The all-wheel drive that it was supposed to have wasn't much better, which is why I was nervous as I crossed the Liard River ice bridge. On the opposite side of the ice bridge, snow and ice are banked-up to make a steep ramp up the river bank. Sometimes, when the river level drops, the ice drops too, leaving a big crack in the ramp. Ideally, it's best to drive slowly up the ramp, but if I were to drive slowly, would the rental vehicle with the wimpy all-wheel-drive make it up? If I were to drive too quickly, would I miss the hard right at the top of the bank and go careening into the log safety cabin at the top?
Fortunately, there was no crack in the ramp. Fortunately, I had enough speed to make it to the top of the bank. Fortunately, I was going slow enough to make the turn. I drove on into the morning darkness. It was about 7:30 am and I had a long drive ahead. It was seven hours to the Liard Hotsprings, where I planned to spend the night.
A Perfect Moment
I stopped in Fort Liard to get some gas for the next stretch to Toad River, and at Acho Dene Native Crafts to get some birch bark baskets for someone who asked me to pick out a few for them.
As I left Fort Liard, the sky was kissed with the orange glow of early morning. As I got further down the Liard Highway, the sun rose over the horizon.
You know that commercial where the guy is driving his car through the Australian Outback and everything slows down? He says something like, "This is it. A perfect moment." Replace the Outback with the boreal forest, the summer weather for winter weather, the middle of the day for the sunrise, the car for a rental SUV crossover, and the old guy for me, that's what it was like. Perfect.

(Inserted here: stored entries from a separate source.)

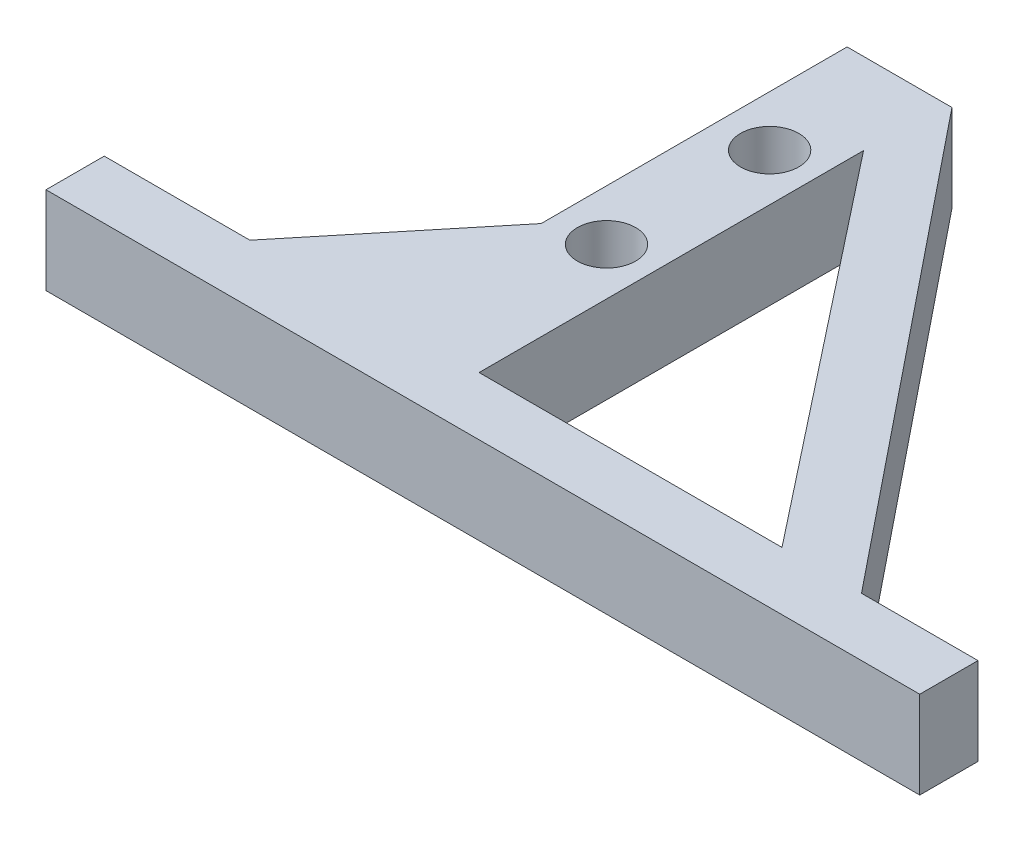
ISO-10303-21;
HEADER;
FILE_DESCRIPTION(('STEP AP214'),'2;1');
FILE_NAME('part.step','',(''),(''),'','','');
FILE_SCHEMA(('AUTOMOTIVE_DESIGN { 1 0 10303 214 1 1 1 1 }'));
ENDSEC;
DATA;
#1=APPLICATION_CONTEXT('core data for automotive mechanical design processes');
#2=APPLICATION_PROTOCOL_DEFINITION('international standard','automotive_design',2000,#1);
#3=PRODUCT_CONTEXT('',#1,'mechanical');
#4=PRODUCT('Part','Part','',(#3));
#5=PRODUCT_RELATED_PRODUCT_CATEGORY('part','',(#4));
#6=PRODUCT_DEFINITION_FORMATION('','',#4);
#7=PRODUCT_DEFINITION_CONTEXT('part definition',#1,'design');
#8=PRODUCT_DEFINITION('design','',#6,#7);
#9=PRODUCT_DEFINITION_SHAPE('','',#8);
#10=(LENGTH_UNIT() NAMED_UNIT(*) SI_UNIT(.MILLI.,.METRE.));
#11=(NAMED_UNIT(*) PLANE_ANGLE_UNIT() SI_UNIT($,.RADIAN.));
#12=(NAMED_UNIT(*) SI_UNIT($,.STERADIAN.) SOLID_ANGLE_UNIT());
#13=UNCERTAINTY_MEASURE_WITH_UNIT(LENGTH_MEASURE(1.E-05),#10,'distance_accuracy_value','');
#14=(GEOMETRIC_REPRESENTATION_CONTEXT(3) GLOBAL_UNCERTAINTY_ASSIGNED_CONTEXT((#13)) GLOBAL_UNIT_ASSIGNED_CONTEXT((#10,
#11,#12)) REPRESENTATION_CONTEXT('',''));
#15=CARTESIAN_POINT('',(0.,0.,0.));
#16=DIRECTION('',(0.,0.,1.));
#17=DIRECTION('',(1.,0.,0.));
#18=AXIS2_PLACEMENT_3D('',#15,#16,#17);
#19=CARTESIAN_POINT('',(0.,19.05,0.));
#20=DIRECTION('',(0.,-1.,0.));
#21=DIRECTION('',(0.,0.,-1.));
#22=AXIS2_PLACEMENT_3D('',#19,#20,#21);
#23=PLANE('',#22);
#24=DIRECTION('',(0.,0.,1.));
#25=VECTOR('',#24,1.);
#26=CARTESIAN_POINT('',(0.,19.05,0.));
#27=LINE('',#26,#25);
#28=CARTESIAN_POINT('',(0.,19.05,-12.7));
#29=VERTEX_POINT('',#28);
#30=CARTESIAN_POINT('',(0.,19.05,0.));
#31=VERTEX_POINT('',#30);
#32=EDGE_CURVE('E152',#29,#31,#27,.T.);
#33=ORIENTED_EDGE('',*,*,#32,.T.);
#34=DIRECTION('',(1.,0.,0.));
#35=VECTOR('',#34,1.);
#36=CARTESIAN_POINT('',(0.,19.05,0.));
#37=LINE('',#36,#35);
#38=CARTESIAN_POINT('',(190.5,19.05,0.));
#39=VERTEX_POINT('',#38);
#40=EDGE_CURVE('E155',#31,#39,#37,.T.);
#41=ORIENTED_EDGE('',*,*,#40,.T.);
#42=DIRECTION('',(0.,0.,-1.));
#43=VECTOR('',#42,1.);
#44=CARTESIAN_POINT('',(190.5,19.05,0.));
#45=LINE('',#44,#43);
#46=CARTESIAN_POINT('',(190.5,19.05,-12.7));
#47=VERTEX_POINT('',#46);
#48=EDGE_CURVE('E158',#39,#47,#45,.T.);
#49=ORIENTED_EDGE('',*,*,#48,.T.);
#50=DIRECTION('',(-1.,0.,0.));
#51=VECTOR('',#50,1.);
#52=CARTESIAN_POINT('',(165.1,19.05,-12.7));
#53=LINE('',#52,#51);
#54=CARTESIAN_POINT('',(165.1,19.05,-12.7));
#55=VERTEX_POINT('',#54);
#56=EDGE_CURVE('E160',#47,#55,#53,.T.);
#57=ORIENTED_EDGE('',*,*,#56,.T.);
#58=DIRECTION('',(-0.627483273754374,0.,-0.778630041263817));
#59=VECTOR('',#58,1.);
#60=CARTESIAN_POINT('',(83.2224750717733,19.05,-114.3));
#61=LINE('',#60,#59);
#62=CARTESIAN_POINT('',(83.2224750717733,19.05,-114.3));
#63=VERTEX_POINT('',#62);
#64=EDGE_CURVE('E162',#55,#63,#61,.T.);
#65=ORIENTED_EDGE('',*,*,#64,.T.);
#66=DIRECTION('',(-1.,0.,0.));
#67=VECTOR('',#66,1.);
#68=CARTESIAN_POINT('',(83.2224750717733,19.05,-114.3));
#69=LINE('',#68,#67);
#70=CARTESIAN_POINT('',(60.3624750717733,19.05,-114.3));
#71=VERTEX_POINT('',#70);
#72=EDGE_CURVE('E164',#63,#71,#69,.T.);
#73=ORIENTED_EDGE('',*,*,#72,.T.);
#74=DIRECTION('',(0.,0.,1.));
#75=VECTOR('',#74,1.);
#76=CARTESIAN_POINT('',(60.3624750717733,19.05,-114.3));
#77=LINE('',#76,#75);
#78=CARTESIAN_POINT('',(60.3624750717733,19.05,-47.5946150448349));
#79=VERTEX_POINT('',#78);
#80=EDGE_CURVE('E166',#71,#79,#77,.T.);
#81=ORIENTED_EDGE('',*,*,#80,.T.);
#82=DIRECTION('',(-0.634064889578644,0.,0.77327984313806));
#83=VECTOR('',#82,1.);
#84=CARTESIAN_POINT('',(31.75,19.05,-12.7));
#85=LINE('',#84,#83);
#86=CARTESIAN_POINT('',(31.75,19.05,-12.7));
#87=VERTEX_POINT('',#86);
#88=EDGE_CURVE('E168',#79,#87,#85,.T.);
#89=ORIENTED_EDGE('',*,*,#88,.T.);
#90=DIRECTION('',(-1.,0.,0.));
#91=VECTOR('',#90,1.);
#92=CARTESIAN_POINT('',(0.,19.05,-12.7));
#93=LINE('',#92,#91);
#94=EDGE_CURVE('E170',#87,#29,#93,.T.);
#95=ORIENTED_EDGE('',*,*,#94,.T.);
#96=EDGE_LOOP('',(#33,#41,#49,#57,#65,#73,#81,#89,#95));
#97=FACE_BOUND('',#96,.T.);
#98=DIRECTION('',(-0.618872226603513,0.,-0.785491672227535));
#99=VECTOR('',#98,1.);
#100=CARTESIAN_POINT('',(81.7257807197851,19.05,-96.52));
#101=LINE('',#100,#99);
#102=CARTESIAN_POINT('',(147.765780719785,19.05,-12.7));
#103=VERTEX_POINT('',#102);
#104=CARTESIAN_POINT('',(81.7257807197851,19.05,-96.52));
#105=VERTEX_POINT('',#104);
#106=EDGE_CURVE('E122',#103,#105,#101,.T.);
#107=ORIENTED_EDGE('',*,*,#106,.F.);
#108=DIRECTION('',(1.,0.,0.));
#109=VECTOR('',#108,1.);
#110=CARTESIAN_POINT('',(81.7257807197851,19.05,-12.7));
#111=LINE('',#110,#109);
#112=CARTESIAN_POINT('',(81.7257807197851,19.05,-12.7));
#113=VERTEX_POINT('',#112);
#114=EDGE_CURVE('E140',#113,#103,#111,.T.);
#115=ORIENTED_EDGE('',*,*,#114,.F.);
#116=DIRECTION('',(0.,0.,1.));
#117=VECTOR('',#116,1.);
#118=CARTESIAN_POINT('',(81.7257807197851,19.05,-96.52));
#119=LINE('',#118,#117);
#120=EDGE_CURVE('E130',#105,#113,#119,.T.);
#121=ORIENTED_EDGE('',*,*,#120,.F.);
#122=EDGE_LOOP('',(#107,#115,#121));
#123=FACE_BOUND('',#122,.T.);
#124=CARTESIAN_POINT('',(71.4131855565126,19.05,-86.36));
#125=DIRECTION('',(0.,1.,0.));
#126=DIRECTION('',(0.,0.,1.));
#127=AXIS2_PLACEMENT_3D('',#124,#125,#126);
#128=CIRCLE('',#127,6.34999999999999);
#129=CARTESIAN_POINT('',(71.4131855565126,19.05,-92.71));
#130=VERTEX_POINT('',#129);
#131=EDGE_CURVE('E146',#130,#130,#128,.T.);
#132=ORIENTED_EDGE('',*,*,#131,.F.);
#133=EDGE_LOOP('',(#132));
#134=FACE_BOUND('',#133,.T.);
#135=CARTESIAN_POINT('',(71.4131855565126,19.05,-50.8));
#136=DIRECTION('',(0.,1.,0.));
#137=DIRECTION('',(0.,0.,1.));
#138=AXIS2_PLACEMENT_3D('',#135,#136,#137);
#139=CIRCLE('',#138,6.35);
#140=CARTESIAN_POINT('',(71.4131855565126,19.05,-57.15));
#141=VERTEX_POINT('',#140);
#142=EDGE_CURVE('E391',#141,#141,#139,.T.);
#143=ORIENTED_EDGE('',*,*,#142,.F.);
#144=EDGE_LOOP('',(#143));
#145=FACE_BOUND('',#144,.T.);
#146=ADVANCED_FACE('F33',(#97,#123,#134,#145),#23,.F.);
#147=CARTESIAN_POINT('',(0.,0.,0.));
#148=DIRECTION('',(0.,-1.,0.));
#149=DIRECTION('',(0.,0.,-1.));
#150=AXIS2_PLACEMENT_3D('',#147,#148,#149);
#151=PLANE('',#150);
#152=CARTESIAN_POINT('',(71.4131855565126,0.,-86.36));
#153=DIRECTION('',(0.,1.,0.));
#154=DIRECTION('',(0.,0.,1.));
#155=AXIS2_PLACEMENT_3D('',#152,#153,#154);
#156=CIRCLE('',#155,6.34999999999999);
#157=CARTESIAN_POINT('',(71.4131855565126,0.,-92.71));
#158=VERTEX_POINT('',#157);
#159=EDGE_CURVE('E397',#158,#158,#156,.T.);
#160=ORIENTED_EDGE('',*,*,#159,.T.);
#161=EDGE_LOOP('',(#160));
#162=FACE_BOUND('',#161,.T.);
#163=DIRECTION('',(0.,0.,1.));
#164=VECTOR('',#163,1.);
#165=CARTESIAN_POINT('',(0.,0.,0.));
#166=LINE('',#165,#164);
#167=CARTESIAN_POINT('',(0.,0.,-12.7));
#168=VERTEX_POINT('',#167);
#169=CARTESIAN_POINT('',(0.,0.,0.));
#170=VERTEX_POINT('',#169);
#171=EDGE_CURVE('E137',#168,#170,#166,.T.);
#172=ORIENTED_EDGE('',*,*,#171,.F.);
#173=DIRECTION('',(-1.,0.,0.));
#174=VECTOR('',#173,1.);
#175=CARTESIAN_POINT('',(0.,0.,-12.7));
#176=LINE('',#175,#174);
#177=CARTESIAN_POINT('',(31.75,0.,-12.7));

The sunrise was the most spectacular - most beautiful - that I can recall seeing in my life. I wanted to share that sunset with the world, but I couldn't. I was a hundred miles from anyone and probably even further from some batteries for my camera.
It was then that I realised that the creator/god/the universe/whatever deity you may or may not believe in likes a good practical joke. Because it wasn't just the most spectacular sunrise that I've ever seen that I wanted to take pictures of. During the entire drive, I saw landscapes that were more beautiful than any that I had ever seen on the drive before - and that's saying a lot, because it is already a beautiful stretch of country.
I wanted to take pictures of what I was seeing because the views were just too hard to describe. I wanted to take pictures of what I was seeing so I could put them on my blog. I wanted to take pictures of what I was seeing because that's what the readers of Michael's Meanderings want (according to the survey results). Spectacular pictures! Perfectly framed! Beautiful beyond words! And they were everywhere!
It was like the creator/god/the universe/whatever deity you may or may not believe in was teasing me the same way that I tease my cat with a piece of string. "Here it is! Isn't that great! Oops! You can't have it! Ha ha!"
It was also then that I realised that the creator/god/the universe/whatever deity you may or may not believe in has a very sophisticated sense of humour. Some cultures teach through friendly joking or teasing. Just like that, I was being taught a lesson, I only needed to see the lesson in the practical joke.
I was being told, "Enjoy this moment for what it is. Savour it. It's yours. Only yours. So stop trying to document it. Just enjoy it."
So that's what I did.
By the time I got to the top of the hill past Steamboat on the Alaska Highway, it was snowing big fat flakes. I saw a coyote out of the corner of my eye and it took me by surprise. It came flying out of the trees on a kamikaze collision course with my vehicle. The trajectory was perfect. It had only to jump over the bumper of snow on the side of the highway for us to hit each other. Instead, it disappeared.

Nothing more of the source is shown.